Wirkung Chemotherapeutikum

Das Repertoire im Hauttumorzentrum Nürnberg zur Behandlung von kutanen und subkutanen Metastasen des Melanoms, aber auch von Metastasen anderer solider Tumoren wie z.B. des Mamma-Karzinoms, wurde seit Januar 2013 durch die Elektrochemotherapie ergänzt.

Dabei wird das physikalische Prinzip der Elektroporation mit der Gabe eines Chemotherapeutikums kombiniert. Unter Elektroporation versteht man die Erzeugung einer erhöhten Permeabilität der Zellwände durch die kurzfristige intratumorale Applikation eines starken elektrischen Feldes. Nach intravenöser Verabreichung einer Chemotherapie (in der Regel Bleomycin oder Cisplatin) wird eine spezielle Elektrode in die Metastase(n) eingestochen und für einige Sekunden ein elektrischer Impuls abgegeben. Das Chemotherapeutikum kann sich in der Metastase in einer bis zu 100-fachen Konzentration anreichern und seine zytostatische bzw. zytotoxische Wirkung entfalten.

Dadurch werden nur sehr geringe Mengen an Zytostatikum benötigt und die Nebenwirkungen bleiben sehr gering. Aufgrund der schmerzhaften Muskelkrämpfe durch das elektrische Feld wird der Eingriff allerdings in Tumeszenz- oder Allgemein-Anästhesie durchgeführt.

Bei der Elektrochemotherapie handelt es sich um ein palliatives Therapieverfahren, welches eine lokale Tumorkontrolle ermöglicht und somit die Lebensqualität der Patienten verbessern kann: Insbesondere Ulzeration und Blutung der Metastasen sowie der Bedarf an Schmerzmitteln können durch die Therapie gesenkt werden (1). Bei der Behandlung von kutanen und subkutanen Metastasen des Melanoms werden komplette Abheilungsraten von 53-66% und Gesamtansprechraten (komplette und partielle Remissionen) von 71-92% erzielt (2).

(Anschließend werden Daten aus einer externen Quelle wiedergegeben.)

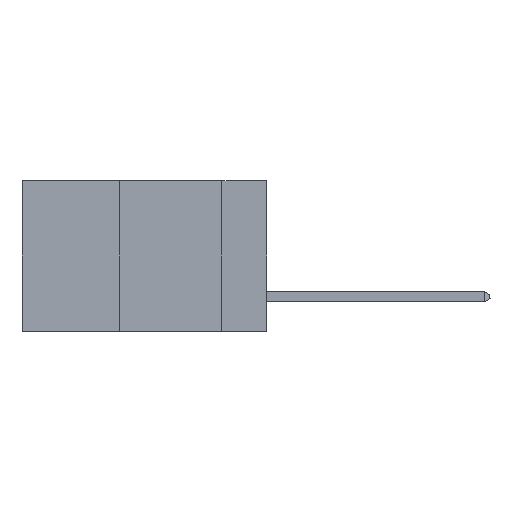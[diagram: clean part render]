
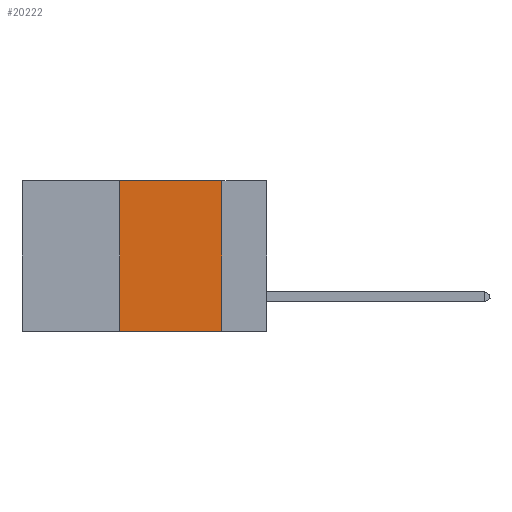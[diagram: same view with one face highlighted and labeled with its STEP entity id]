
A CAD part, left-side view. The second image highlights one B-rep face of the part: STEP entity #20222.
In plain terms, the highlighted planar face has unit normal (-1, 0, 0).
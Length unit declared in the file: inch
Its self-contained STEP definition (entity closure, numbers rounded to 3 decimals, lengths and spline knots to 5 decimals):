
#307 = PLANE ( 'NONE',  #4102 ) ;
#1606 = EDGE_CURVE ( 'NONE', #1948, #5701, #7805, .T. ) ;
#1863 = CARTESIAN_POINT ( 'NONE',  ( 0., 0.6, 0. ) ) ;
#1948 = VERTEX_POINT ( 'NONE', #23725 ) ;
#2062 = LINE ( 'NONE', #13339, #10768 ) ;
#2539 = EDGE_LOOP ( 'NONE', ( #25230, #19557, #22185, #7694 ) ) ;
#2759 = CARTESIAN_POINT ( 'NONE',  ( 0., 0.6, -0.37 ) ) ;
#2954 = DIRECTION ( 'NONE',  ( 0., 0., -1. ) ) ;
#4102 = AXIS2_PLACEMENT_3D ( 'NONE', #1863, #17744, #2954 ) ;
#4229 = VECTOR ( 'NONE', #10526, 39.37008 ) ;
#4808 = CARTESIAN_POINT ( 'NONE',  ( 0., 0.36, 0. ) ) ;
#5358 = VERTEX_POINT ( 'NONE', #25395 ) ;
#5701 = VERTEX_POINT ( 'NONE', #20706 ) ;
#6796 = DIRECTION ( 'NONE',  ( 0., 0., 1. ) ) ;
#7694 = ORIENTED_EDGE ( 'NONE', *, *, #19034, .T. ) ;
#7805 = LINE ( 'NONE', #4808, #22945 ) ;
#7991 = LINE ( 'NONE', #2759, #4229 ) ;
#10526 = DIRECTION ( 'NONE',  ( 0., -1., 0. ) ) ;
#10768 = VECTOR ( 'NONE', #25328, 39.37008 ) ;
#13339 = CARTESIAN_POINT ( 'NONE',  ( 0., 0.11, 0. ) ) ;
#15609 = EDGE_CURVE ( 'NONE', #5358, #22481, #2062, .T. ) ;
#16095 = CARTESIAN_POINT ( 'NONE',  ( 0., 0.6, 0. ) ) ;
#16582 = LINE ( 'NONE', #16095, #20242 ) ;
#17676 = EDGE_CURVE ( 'NONE', #5701, #5358, #16582, .T. ) ;
#17744 = DIRECTION ( 'NONE',  ( 1., 0., 0. ) ) ;
#19034 = EDGE_CURVE ( 'NONE', #1948, #22481, #7991, .T. ) ;
#19230 = CARTESIAN_POINT ( 'NONE',  ( 0., 0.11, -0.37 ) ) ;
#19557 = ORIENTED_EDGE ( 'NONE', *, *, #17676, .F. ) ;
#20006 = DIRECTION ( 'NONE',  ( 0., -1., 0. ) ) ;
#20222 = ADVANCED_FACE ( 'NONE', ( #21817 ), #307, .F. ) ;
#20242 = VECTOR ( 'NONE', #20006, 39.37008 ) ;
#20706 = CARTESIAN_POINT ( 'NONE',  ( 0., 0.36, 0. ) ) ;
#21817 = FACE_OUTER_BOUND ( 'NONE', #2539, .T. ) ;
#22185 = ORIENTED_EDGE ( 'NONE', *, *, #1606, .F. ) ;
#22481 = VERTEX_POINT ( 'NONE', #19230 ) ;
#22945 = VECTOR ( 'NONE', #6796, 39.37008 ) ;
#23725 = CARTESIAN_POINT ( 'NONE',  ( 0., 0.36, -0.37 ) ) ;
#25230 = ORIENTED_EDGE ( 'NONE', *, *, #15609, .F. ) ;
#25328 = DIRECTION ( 'NONE',  ( 0., 0., -1. ) ) ;
#25395 = CARTESIAN_POINT ( 'NONE',  ( 0., 0.11, 0. ) ) ;

Inzwischen hat sich die Elektrochemotherapie als effektiver und sicherer  Ansatz für die Behandlung kutaner und subkuta­ner Metastasen etabliert, welche nicht durch eine Operation entfernt werden können und auf Strahlen- oder Chemotherapie schlecht ansprechen. Eine weitere Indikation stellt das therapieresistente Kaposi-Sarkom dar.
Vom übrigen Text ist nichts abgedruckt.